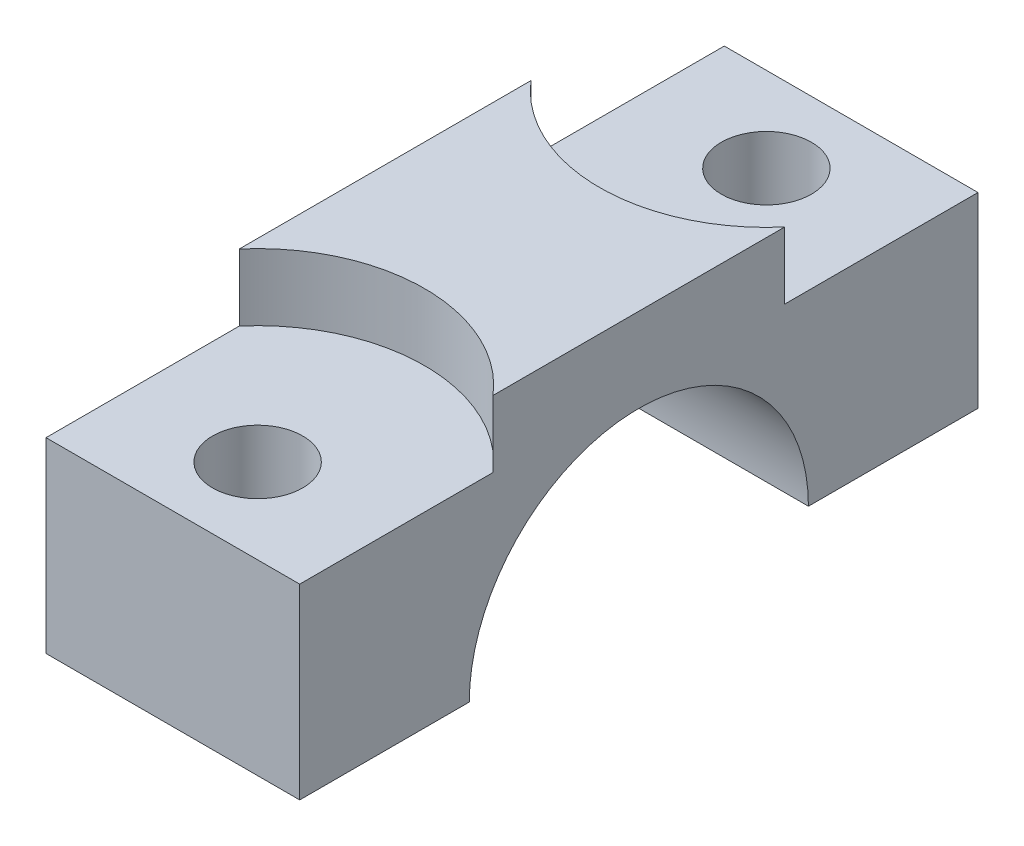
SolidWorks part; units mm, degrees
ref_plane "Front Plane" through (0, 0, 0) normal (0, 0, 1) x (1, 0, 0)
ref_plane "Top Plane" through (0, 0, 0) normal (0, 1, 0) x (1, 0, 0)
ref_plane "Right Plane" through (0, 0, 0) normal (1, 0, 0) x (0, 0, -1)
sketch "Sketch1" plane through (0, 0, 0) normal (1, 0, 0) x (0, 0, -1)
  line L1 (-25.4, 0) -> (25.4, 0)
  line L2 (-25.4, 0) -> (-25.4, 19)
  line L3 (-25.4, 19) -> (25.4, 19)
  line L4 (25.4, 0) -> (25.4, 19)
  circle A0 centre (0, 0) radius 12.7
  dimension "D3" = 25.4
  dimension "D1" = 50.8
  dimension "D2" = 19
extrude "Boss-Extrude1" add sketch "Sketch1" along normal mid plane 19 contours A0 L1 L4 L3 L2
sketch "Sketch4" plane through (0, 0, 0) normal (0, -1, 0) x (1, 0, 0)
  line L0 (0, 25.4) -> (0, 12.7) construction
  line L1 (9.5, 25.4) -> (-9.5, 25.4) construction
  line L2 (9.5, 12.7) -> (-9.5, 12.7) construction
  line L3 (0, -12.7) -> (0, -25.4) construction
  line L4 (9.5, -12.7) -> (-9.5, -12.7) construction
  line L5 (9.5, -25.4) -> (-9.5, -25.4) construction
  point P12 (0, 19.05)
  point P13 (0, -19.05)
hole_wizard "CBORE for M12 Hex Head Cap Screw2" positions "Sketch5" profile "Sketch6" counterbore size "M12" standard "ISO" end condition through all
sketch "Sketch5" plane through (0, 19, 0) normal (0, 1, 0) x (1, 0, 0)
  line L0 (0, 12.7) -> (0, 25.4) construction
  point P0 (0, 19.05)
  point P4 (0, -19.05)
sketch "Sketch6" plane through (0, 19, -19.05) normal (1, 0, 0) x (0, 0, 1)
  line L0 (0, 0) -> (0, 19)
  line L1 (0, 19) -> (3.375, 19)
  line L3 (3.375, 19) -> (3.375, 5)
  line L4 (3.375, 5) -> (12.5, 5)
  line L5 (12.5, 5) -> (12.5, 0)
  line L7 (12.5, 0) -> (0, 0)
  line L11 (0, -6.35) -> (0, 107.95) construction
  dimension "Thru Hole Dia." = 6.75
  dimension "Thru Hole Depth" = 19
  dimension "C'Bore Dia." = 25
  dimension "C'Bore Depth" = 5
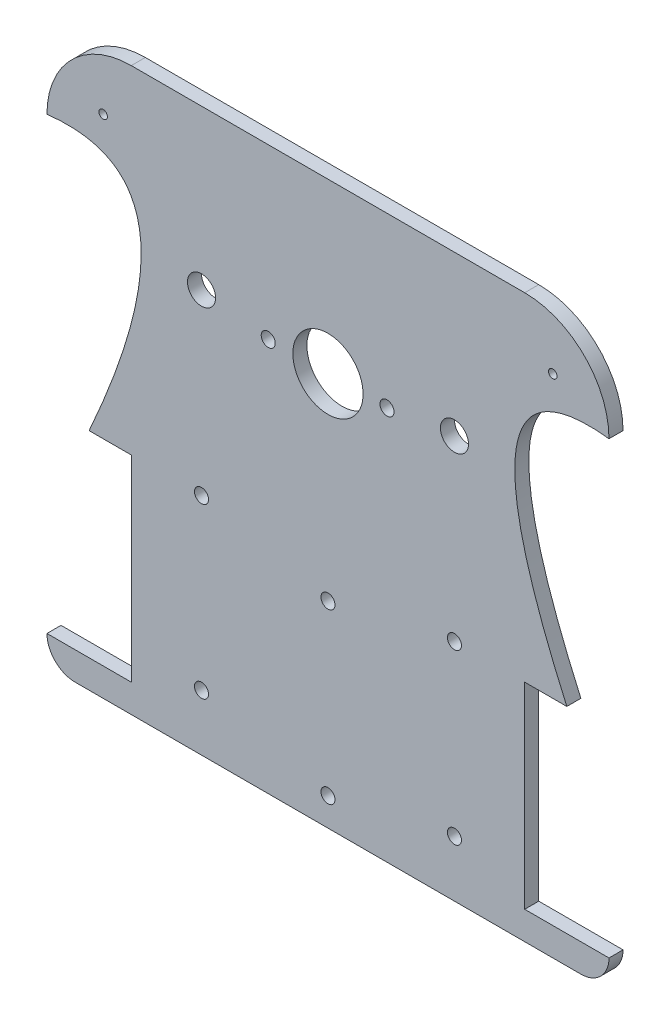
SolidWorks part; units mm, degrees
ref_plane "Front Plane" through (0, 0, 0) normal (0, 0, 1) x (1, 0, 0)
ref_plane "Top Plane" through (0, 0, 0) normal (0, 1, 0) x (1, 0, 0)
ref_plane "Right Plane" through (0, 0, 0) normal (1, 0, 0) x (0, 0, -1)
sketch "Sketch1" plane through (0, 0, 0) normal (0, 0, 1) x (1, 0, 0)
  line L1 (-90, -100) -> (90, -100)
  line L2 (-100, -90) -> (-100, 70)
  line L3 (-70, 100) -> (70, 100)
  line L4 (100, -90) -> (100, 70)
  arc A0 (90, -100) -> (100, -90) centre (90, -90) ccw
  arc A1 (-90, -100) -> (-100, -90) centre (-90, -90) cw
  arc A2 (70, 100) -> (100, 70) centre (70, 70) cw
  arc A3 (-100, 70) -> (-70, 100) centre (-70, 70) cw
  point P0 (0, 0)
  point P16 (100, -100)
  point P19 (-100, -100)
  point P23 (100, 100)
  point P26 (-100, 100)
  dimension "D6" = 10
  dimension "D7" = 10
  dimension "D8" = 30
  dimension "D9" = 30
  dimension "D1" = 200
  dimension "D2" = 200
  dimension "D10" = 100
  dimension "D11" = 100
extrude "Boss-Extrude1" add sketch "Sketch1" along normal blind 5
sketch "Sketch2" plane through (0, 0, 5) normal (0, 0, 1) x (1, 0, 0)
  line L0 (100, -20) -> (70, -20)
  line L1 (100, -90) -> (100, 70) construction
  line L2 (70, -20) -> (70, -90)
  line L3 (70, -90) -> (100, -90)
  line L4 (100, -90) -> (100, -20)
  line L5 (0, 100) -> (0, -100) construction
  line L6 (70, 100) -> (-70, 100) construction
  line L7 (-90, -100) -> (90, -100) construction
  line L8 (-70, -90) -> (-100, -90)
  line L9 (-70, -20) -> (-70, -90)
  line L10 (-100, -20) -> (-70, -20)
  line L11 (-100, -90) -> (-100, -20)
  dimension "D1" = 70
  dimension "D2" = 30
  dimension "D3" = 10
extrude "Cut-Extrude1" cut sketch "Sketch2" against normal blind 5
sketch "Sketch3" plane through (0, 0, 5) normal (0, 0, 1) x (1, 0, 0)
  line L0 (100, -20) -> (70, -20) construction
  line L1 (85, -20) -> (100, -20)
  line L2 (100, -20) -> (100, 70)
  line L3 (0, 100) -> (0, -100) construction
  line L4 (70, 100) -> (-70, 100) construction
  line L5 (-90, -100) -> (90, -100) construction
  line L6 (-85, -20) -> (-100, -20)
  line L7 (-100, -20) -> (-100, 70)
  spline S0 degree 2 poles (100, 70) (41.5628, 76.7696) (85, -20) knots 0 0 0 1 1 1
  spline S1 degree 2 poles (-100, 70) (-41.5628, 76.7696) (-85, -20) knots 0 0 0 1 1 1
extrude "Cut-Extrude2" cut sketch "Sketch3" against normal blind 5
sketch "Sketch5" plane through (0, 0, 5) normal (0, 0, 1) x (1, 0, 0)
  line L0 (-90, -100) -> (90, -100) construction
  line L1 (70, -20) -> (70, -90) construction
  line L2 (-70, -90) -> (-70, -20) construction
  line L3 (-45, -50) -> (39.8101, -50) construction
  line L4 (-45, -20) -> (-45, -17.5) construction
  line L5 (0, 0) -> (0, 61.3862) construction
  line L7 (-45, 38.351) -> (-45, 48.351) construction
  line L8 (-90, -100) -> (90, -100) construction
  circle A0 centre (45, -80) radius 2.5
  circle A1 centre (-45, -80) radius 2.5
  circle A2 centre (45, -20) radius 2.5
  circle A3 centre (-45, -20) radius 2.5
  circle A4 centre (-45, 43.351) radius 5
  circle A5 centre (45, 43.351) radius 5
  circle A6 centre (0, -30) radius 2.5
  dimension "D3" = 20
  dimension "D5" = 5
  dimension "D6" = 5
  dimension "D8" = 10
  dimension "D9" = 5
  dimension "D1" = 20
  dimension "D2" = 25
  dimension "D4" = 25
  dimension "D7" = 30
  dimension "D10" = 70
extrude "Cut-Extrude3" cut sketch "Sketch5" against normal blind 5
sketch "Sketch6" plane through (0, 0, 5) normal (0, 0, 1) x (1, 0, 0)
  line L0 (-90, -100) -> (90, -100) construction
  circle A0 centre (0, -90) radius 2.5
  dimension "D2" = 5
  dimension "D1" = 10
extrude "Cut-Extrude4" cut sketch "Sketch6" against normal blind 5
sketch "Sketch7" plane through (0, 0, 0) normal (0, 0, -1) x (-1, 0, 0)
  line L0 (70, -20) -> (-70, -20) construction
  line L1 (0, -20) -> (0, 40) construction
  line L2 (-70, 100) -> (70, 100) construction
  circle A0 centre (0, 40) radius 12.5
  circle A1 centre (-21, 40) radius 2.5
  circle A2 centre (21.26, 40) radius 2.5
  dimension "D2" = 25
  dimension "D5" = 5
  dimension "D6" = 5
  dimension "D1" = 60
  dimension "D3" = 21
  dimension "D4" = 21.26
extrude "Cut-Extrude5" cut sketch "Sketch7" against normal blind 5
sketch "Sketch8" plane through (0, 0, 5) normal (0, 0, 1) x (1, 0, 0)
  line L0 (70, 100) -> (-70, 100) construction
  circle A0 centre (-80, 80) radius 1.5
  circle A1 centre (80, 80) radius 1.5
  dimension "D3" = 3
  dimension "D4" = 20
  dimension "D6" = 3
  dimension "D1" = 20
  dimension "D2" = 20
  dimension "D5" = 20
extrude "Cut-Extrude6" cut sketch "Sketch8" against normal blind 5
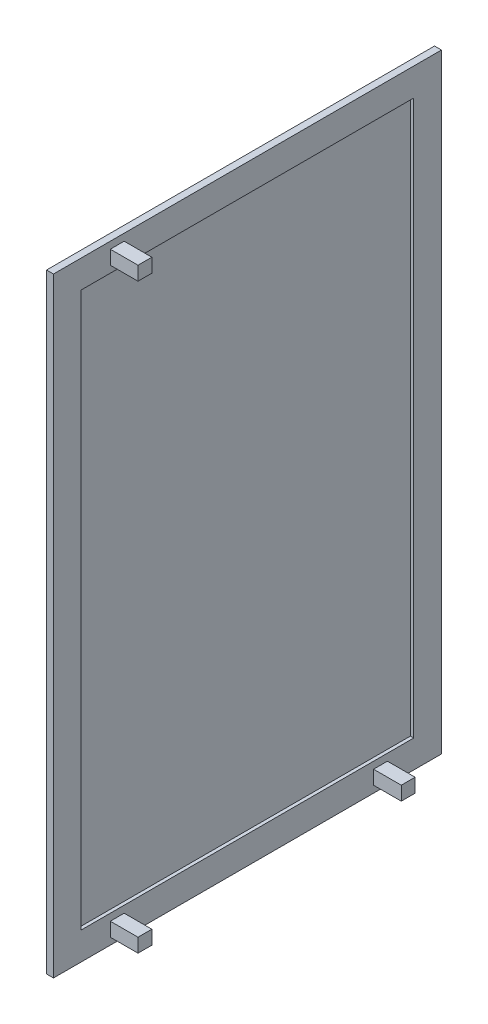
SolidWorks part; units mm, degrees
ref_plane "Front Plane" through (0, 0, 0) normal (0, 0, 1) x (1, 0, 0)
ref_plane "Top Plane" through (0, 0, 0) normal (0, 1, 0) x (1, 0, 0)
ref_plane "Right Plane" through (0, 0, 0) normal (1, 0, 0) x (0, 0, -1)
sketch "Sketch1" plane through (0, 0, 0) normal (1, 0, 0) x (0, 0, -1)
  line L1 (0, 0) -> (70, 0)
  line L2 (0, 0) -> (0, 110)
  line L3 (0, 110) -> (70, 110)
  line L4 (70, 0) -> (70, 110)
  dimension "D1" = 110
  dimension "D2" = 70
extrude "Boss-Extrude1" add sketch "Sketch1" along normal blind 1.25
sketch "Sketch2" plane through (1.25, 0, 0) normal (1, 0, 0) x (0, 0, -1)
  line L0 (0, 110) -> (0, 0) construction
  line L1 (10.25, 108.75) -> (12.75, 108.75)
  line L2 (10.25, 108.75) -> (10.25, 106.25)
  line L3 (10.25, 106.25) -> (12.75, 106.25)
  line L4 (12.75, 108.75) -> (12.75, 106.25)
  line L5 (70, 110) -> (0, 110) construction
  line L6 (0, 0) -> (70, 0) construction
  line L7 (10.25, 3.75) -> (12.75, 3.75)
  line L8 (10.25, 3.75) -> (10.25, 1.25)
  line L9 (10.25, 1.25) -> (12.75, 1.25)
  line L10 (12.75, 3.75) -> (12.75, 1.25)
  line L12 (57.75, 3.75) -> (60.25, 3.75)
  line L13 (57.75, 3.75) -> (57.75, 1.25)
  line L14 (57.75, 1.25) -> (60.25, 1.25)
  line L15 (60.25, 3.75) -> (60.25, 1.25)
  point P12 (10.25, 2.5)
  dimension "D1" = 2.5
  dimension "D2" = 2.5
  dimension "D3" = 10.25
  dimension "D4" = 1.25
  dimension "D5" = 2.5
  dimension "D6" = 2.5
  dimension "D7" = 10.25
  dimension "D8" = 1.25
  dimension "D9" = 2.5
  dimension "D10" = 2.5
  dimension "D11" = 1.25
  dimension "D12" = 45
extrude "Boss-Extrude2" add sketch "Sketch2" along normal blind 5
sketch "Sketch3" plane through (1.25, 0, 0) normal (1, 0, 0) x (0, 0, -1)
  line L0 (0, 110) -> (0, 0) construction
  line L1 (5, 105) -> (65, 105)
  line L2 (5, 105) -> (5, 5)
  line L3 (5, 5) -> (65, 5)
  line L4 (65, 105) -> (65, 5)
  line L5 (70, 110) -> (0, 110) construction
  line L6 (70, 0) -> (70, 110) construction
  line L7 (0, 0) -> (70, 0) construction
  dimension "D1" = 5
  dimension "D2" = 5
  dimension "D3" = 5
  dimension "D4" = 5
extrude "Cut-Extrude1" cut sketch "Sketch3" against normal blind 0.6

⁂

**PROBLEM DESCRIPTION:** Above are the records. Identify each line that contains the word "poles".

**YOUR RESPONSE:**
  spline S0 degree 2 poles (100, 70) (41.5628, 76.7696) (85, -20) knots 0 0 0 1 1 1
  spline S1 degree 2 poles (-100, 70) (-41.5628, 76.7696) (-85, -20) knots 0 0 0 1 1 1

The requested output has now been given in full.